Tommaso Berti

Personal information
- Date of birth: 7 March 2004 (age 22)
- Place of birth: Cesena, Italy
- Height: 1.71 m (5 ft 7 in)
- Position: Midfielder

Team information
- Current team: Cremonese
- Number: 14

Youth career
- 0000–2020: Cesena
- 2022–2023: → Fiorentina (loan)

Senior career*
- Years: Team / Apps / (Gls)
- 2021–2026: Cesena / 127 / (13)
- 2022–2023: → Fiorentina (loan) / 0 / (0)
- 2026–: Cremonese / 0 / (0)

International career^{‡}
- 2025–: Italy U21 / 2 / (1)

= Tommaso Berti =

Italian footballer (born 2004)

Tommaso Berti (born 7 March 2004) is an Italian professional footballer who plays as a midfielder for club Cremonese.

== Club career ==
Tommaso Berti made his professional debut for Cesena on the 22 August 2021, during a 3-1 home Coppa Serie C win against Pistoiese. He made his championship debut less than a month later during a game against Imolese. In 2022, he joined Fiorentina on loan, who assigned him to their under-19s.

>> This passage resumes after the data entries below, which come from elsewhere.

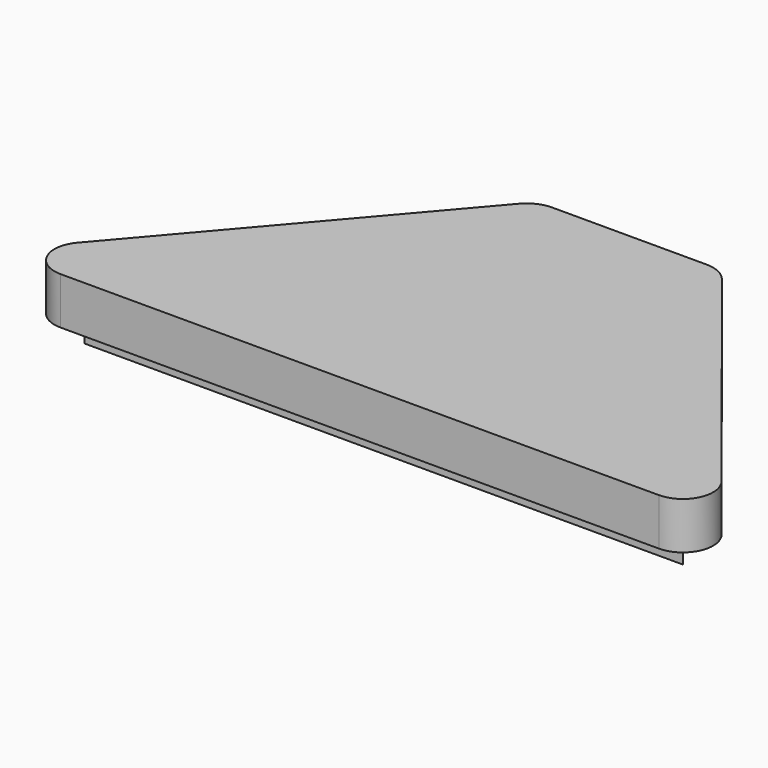
from build123d import *

# Parameters (mm, degrees)
F0_TEXT_SIZE = 9.0532412564
F1_DEPTH     = 3.175
F2_DEPTH     = 1.778


# Not quite as in the source:
# - Text() gives the source's letters only with a copy of the font that has no kerning and outlines rounded to 1/6400 em; it was checked with that copy


with BuildPart() as f1:
    # F0 (on Top) → F1 (new body)
    with BuildSketch(Plane.XY):
        with BuildLine():
            ThreePointArc((55.9706334899, 10.2677550296), (55.2196628561, 10.8660220358), (54.2835542571, 11.0795190955))
            Line((54.2835542571, 11.0795190955), (43.8744305403, 11.0795190955))
            ThreePointArc((43.8744305403, 11.0795190955), (42.9708956166, 10.8813621901), (42.2332168156, 10.3232658688))
            Line((42.2332168156, 10.3232658688), (26.8459523442, -7.6798335628))
            ThreePointArc((26.8459523442, -7.6798335628), (26.5451247019, -9.8504516305), (28.3906240851, -11.03206582))
            Line((28.3906240851, -11.03206582), (68.7567624406, -11.03206582))
            ThreePointArc((68.7567624406, -11.03206582), (70.5878240315, -9.8811092073), (70.3446017185, -7.7320790585))
            Line((70.3446017185, -7.7320790585), (55.9706334899, 10.2677550296))
        make_face()
        Polygon((53.3734038081, 6.5065571233), (52.6622038081, 6.5065571233), (52.6622038081, 4.75826582), (53.2921092479, 4.75826582), (54.5500487986, -2.8146303046), (59.1906283424, 2.9791471498), (68.7567624406, -9.00006582), (28.3906240851, -9.00006582), (42.2482038081, 7.2133024559), (47.5120069422, 1.054652789), (48.1198047589, 4.75826582), (48.7506038081, 4.75826582), (48.7506038081, 6.5065571233), (48.0394038081, 6.5065571233), (48.0394038081, 7.8946619317), (50.7057806615, 9.0475190955), (53.3734038081, 7.9009105085), align=None, mode=Mode.SUBTRACT)
        Polygon((52.6622038081, 4.75826582), (52.6622038081, 6.5065571233), (53.3734038081, 6.5065571233), (53.3734038081, 7.9009105085), (50.7057806615, 9.0475190955), (48.0394038081, 7.8946619317), (48.0394038081, 6.5065571233), (48.7506038081, 6.5065571233), (48.7506038081, 4.75826582), (48.1198047589, 4.75826582), (47.5120069422, 1.054652789), (42.2482038081, 7.2133024559), (28.3906240851, -9.00006582), (68.7567624406, -9.00006582), (59.1906283424, 2.9791471498), (54.5500487986, -2.8146303046), (53.2921092479, 4.75826582), align=None)
        Polygon((52.7718016898, -6.7412436176), (59.1893792737, 1.2711212102), (66.5396451756, -7.93326582), (30.7057835311, -7.93326582), (42.2482038081, 5.5713659041), align=None, mode=Mode.SUBTRACT)
        Polygon((49.8174038081, 7.5011675847), (50.7070269546, 7.8858125445), (51.5954038081, 7.5039668067), (51.5954038081, 3.69146582), (52.3878983683, 3.69146582), (53.6543829126, -3.932871845), (52.7451199276, -5.068089404), (48.4189387818, -0.0064574634), (49.0258028573, 3.69146582), (49.8174038081, 3.69146582), align=None, mode=Mode.SUBTRACT)
        Polygon((66.5396451756, -7.93326582), (59.1893792737, 1.2711212102), (52.7718016898, -6.7412436176), (42.2482038081, 5.5713659041), (30.7057835311, -7.93326582), align=None)
        with BuildLine():
            Line((37.2903708137, -7.4353703988), (37.2903708137, -0.9722048831))
            Line((37.2903708137, -0.9722048831), (39.3018878554, -0.9722048831))
            add(Edge.make_bspline(
                [(39.3018878554, -0.9722048831), (40.6768488712, -0.9722048831), (41.2978446386, -1.3633331968)],
                knots=[0, 0, 0, 1, 1, 1], degree=2))
            add(Edge.make_bspline(
                [(41.2978446386, -1.3633331968), (41.918840406, -1.7544615104), (41.918840406, -2.607446585)],
                knots=[0, 0, 0, 1, 1, 1], degree=2))
            add(Edge.make_bspline(
                [(41.918840406, -2.607446585), (41.918840406, -3.187419853), (41.6472431684, -3.5587442014)],
                knots=[0, 0, 0, 1, 1, 1], degree=2))
            add(Edge.make_bspline(
                [(41.6472431684, -3.5587442014), (41.3756459307, -3.9300685499), (40.9243984368, -4.005040704)],
                knots=[0, 0, 0, 1, 1, 1], degree=2))
            Line((40.9243984368, -4.005040704), (40.9243984368, -4.0488923413))
            add(Edge.make_bspline(
                [(40.9243984368, -4.0488923413), (41.5383213595, -4.1861055291), (41.8106258817, -4.5616735844)],
                knots=[0, 0, 0, 1, 1, 1], degree=2))
            add(Edge.make_bspline(
                [(41.8106258817, -4.5616735844), (42.0829304038, -4.9372416396), (42.0829304038, -5.561066545)],
                knots=[0, 0, 0, 1, 1, 1], degree=2))
            add(Edge.make_bspline(
                [(42.0829304038, -5.561066545), (42.0829304038, -6.4451721364), (41.4435452401, -6.9402712676)],
                knots=[0, 0, 0, 1, 1, 1], degree=2))
            add(Edge.make_bspline(
                [(41.4435452401, -6.9402712676), (40.8041600764, -7.4353703988), (39.707869143, -7.4353703988)],
                knots=[0, 0, 0, 1, 1, 1], degree=2))
            Line((39.707869143, -7.4353703988), (37.2903708137, -7.4353703988))
        make_face(mode=Mode.SUBTRACT)
        with BuildLine():
            add(Edge.make_bspline(
                [(47.8600299806, -1.8075078459), (48.7356481583, -2.6428108087), (48.7356481583, -4.1422538918)],
                knots=[0, 0, 0, 1, 1, 1], degree=2))
            add(Edge.make_bspline(
                [(48.7356481583, -4.1422538918), (48.7356481583, -5.7378876632), (47.8267876103, -6.586629031)],
                knots=[0, 0, 0, 1, 1, 1], degree=2))
            add(Edge.make_bspline(
                [(47.8267876103, -6.586629031), (46.9179270623, -7.4353703988), (45.2034694994, -7.4353703988)],
                knots=[0, 0, 0, 1, 1, 1], degree=2))
            Line((45.2034694994, -7.4353703988), (43.3730172829, -7.4353703988))
            Line((43.3730172829, -7.4353703988), (43.3730172829, -0.9722048831))
            Line((43.3730172829, -0.9722048831), (45.4015091519, -0.9722048831))
            add(Edge.make_bspline(
                [(45.4015091519, -0.9722048831), (46.9844118028, -0.9722048831), (47.8600299806, -1.8075078459)],
                knots=[0, 0, 0, 1, 1, 1], degree=2))
        make_face(mode=Mode.SUBTRACT)
        Polygon((51.5954038081, 7.5039668067), (50.7070269546, 7.8858125445), (49.8174038081, 7.5011675847), (49.8174038081, 3.69146582), (49.0258028573, 3.69146582), (48.4189387818, -0.0064574634), (52.7451199276, -5.068089404), (53.6543829126, -3.932871845), (52.3878983683, 3.69146582), (51.5954038081, 3.69146582), align=None)
        with Locations((36.4769936696, -7.4353703988)):
            Text('BD', F0_TEXT_SIZE, font='Open Sans', font_style=FontStyle.BOLD, text_align=(TextAlign.LEFT, TextAlign.BOTTOM))
        with BuildLine():
            add(Edge.make_bspline(
                [(45.3307807046, -6.3037152418), (47.3111772294, -6.3037152418), (47.3111772294, -4.1776181155)],
                knots=[0, 0, 0, 1, 1, 1], degree=2))
            add(Edge.make_bspline(
                [(47.3111772294, -4.1776181155), (47.3111772294, -2.0953726265), (45.4722375992, -2.0953726265)],
                knots=[0, 0, 0, 1, 1, 1], degree=2))
            Line((45.4722375992, -2.0953726265), (44.7437345918, -2.0953726265))
            Line((44.7437345918, -2.0953726265), (44.7437345918, -6.3037152418))
            Line((44.7437345918, -6.3037152418), (45.3307807046, -6.3037152418))
        make_face()
        with BuildLine():
            Line((39.5098294905, -4.6189636267), (38.6610881227, -4.6189636267))
            Line((38.6610881227, -4.6189636267), (38.6610881227, -6.3037152418))
            Line((38.6610881227, -6.3037152418), (39.5536811278, -6.3037152418))
            add(Edge.make_bspline(
                [(39.5536811278, -6.3037152418), (40.1195087063, -6.3037152418), (40.3889840906, -6.087286193)],
                knots=[0, 0, 0, 1, 1, 1], degree=2))
            add(Edge.make_bspline(
                [(40.3889840906, -6.087286193), (40.6584594749, -5.8708571442), (40.6584594749, -5.4238533572)],
                knots=[0, 0, 0, 1, 1, 1], degree=2))
            add(Edge.make_bspline(
                [(40.6584594749, -5.4238533572), (40.6584594749, -4.6189636267), (39.5098294905, -4.6189636267)],
                knots=[0, 0, 0, 1, 1, 1], degree=2))
        make_face()
        with BuildLine():
            Line((38.6610881227, -2.0953726265), (38.6610881227, -3.5325746759))
            Line((38.6610881227, -3.5325746759), (39.4560758705, -3.5325746759))
            add(Edge.make_bspline(
                [(39.4560758705, -3.5325746759), (40.0134160354, -3.5325746759), (40.2630874544, -3.3599972645)],
                knots=[0, 0, 0, 1, 1, 1], degree=2))
            add(Edge.make_bspline(
                [(40.2630874544, -3.3599972645), (40.5127588734, -3.187419853), (40.5127588734, -2.7899259791)],
                knots=[0, 0, 0, 1, 1, 1], degree=2))
            add(Edge.make_bspline(
                [(40.5127588734, -2.7899259791), (40.5127588734, -2.4178943462), (40.2411616357, -2.2566334864)],
                knots=[0, 0, 0, 1, 1, 1], degree=2))
            add(Edge.make_bspline(
                [(40.2411616357, -2.2566334864), (39.969564398, -2.0953726265), (39.3811037164, -2.0953726265)],
                knots=[0, 0, 0, 1, 1, 1], degree=2))
            Line((39.3811037164, -2.0953726265), (38.6610881227, -2.0953726265))
        make_face()
    extrude(amount=F1_DEPTH)

    # F0 (on Top) → F2 (join)
    with BuildSketch(Plane.XY):
        Polygon((52.6622038081, 4.75826582), (52.6622038081, 6.5065571233), (53.3734038081, 6.5065571233), (53.3734038081, 7.9009105085), (50.7057806615, 9.0475190955), (48.0394038081, 7.8946619317), (48.0394038081, 6.5065571233), (48.7506038081, 6.5065571233), (48.7506038081, 4.75826582), (48.1198047589, 4.75826582), (47.5120069422, 1.054652789), (42.2482038081, 7.2133024559), (28.3906240851, -9.00006582), (68.7567624406, -9.00006582), (59.1906283424, 2.9791471498), (54.5500487986, -2.8146303046), (53.2921092479, 4.75826582), align=None)
        Polygon((52.7718016898, -6.7412436176), (59.1893792737, 1.2711212102), (66.5396451756, -7.93326582), (30.7057835311, -7.93326582), (42.2482038081, 5.5713659041), align=None, mode=Mode.SUBTRACT)
        Polygon((49.8174038081, 7.5011675847), (50.7070269546, 7.8858125445), (51.5954038081, 7.5039668067), (51.5954038081, 3.69146582), (52.3878983683, 3.69146582), (53.6543829126, -3.932871845), (52.7451199276, -5.068089404), (48.4189387818, -0.0064574634), (49.0258028573, 3.69146582), (49.8174038081, 3.69146582), align=None, mode=Mode.SUBTRACT)
        with Locations((36.4769936696, -7.4353703988)):
            Text('BD', F0_TEXT_SIZE, font='Open Sans', font_style=FontStyle.BOLD, text_align=(TextAlign.LEFT, TextAlign.BOTTOM))
    extrude(amount=-F2_DEPTH)


solid = f1.part

On 26 June 2026, Berti moved to Cremonese in Serie B.

==International career==
In May 2026, he got his first call-up with the Italy national senior team for the two friendlies against Greece and Luxembourg, as interim coach Silvio Baldini, decided to focus on young players after Italy failed to qualify for the World Cup.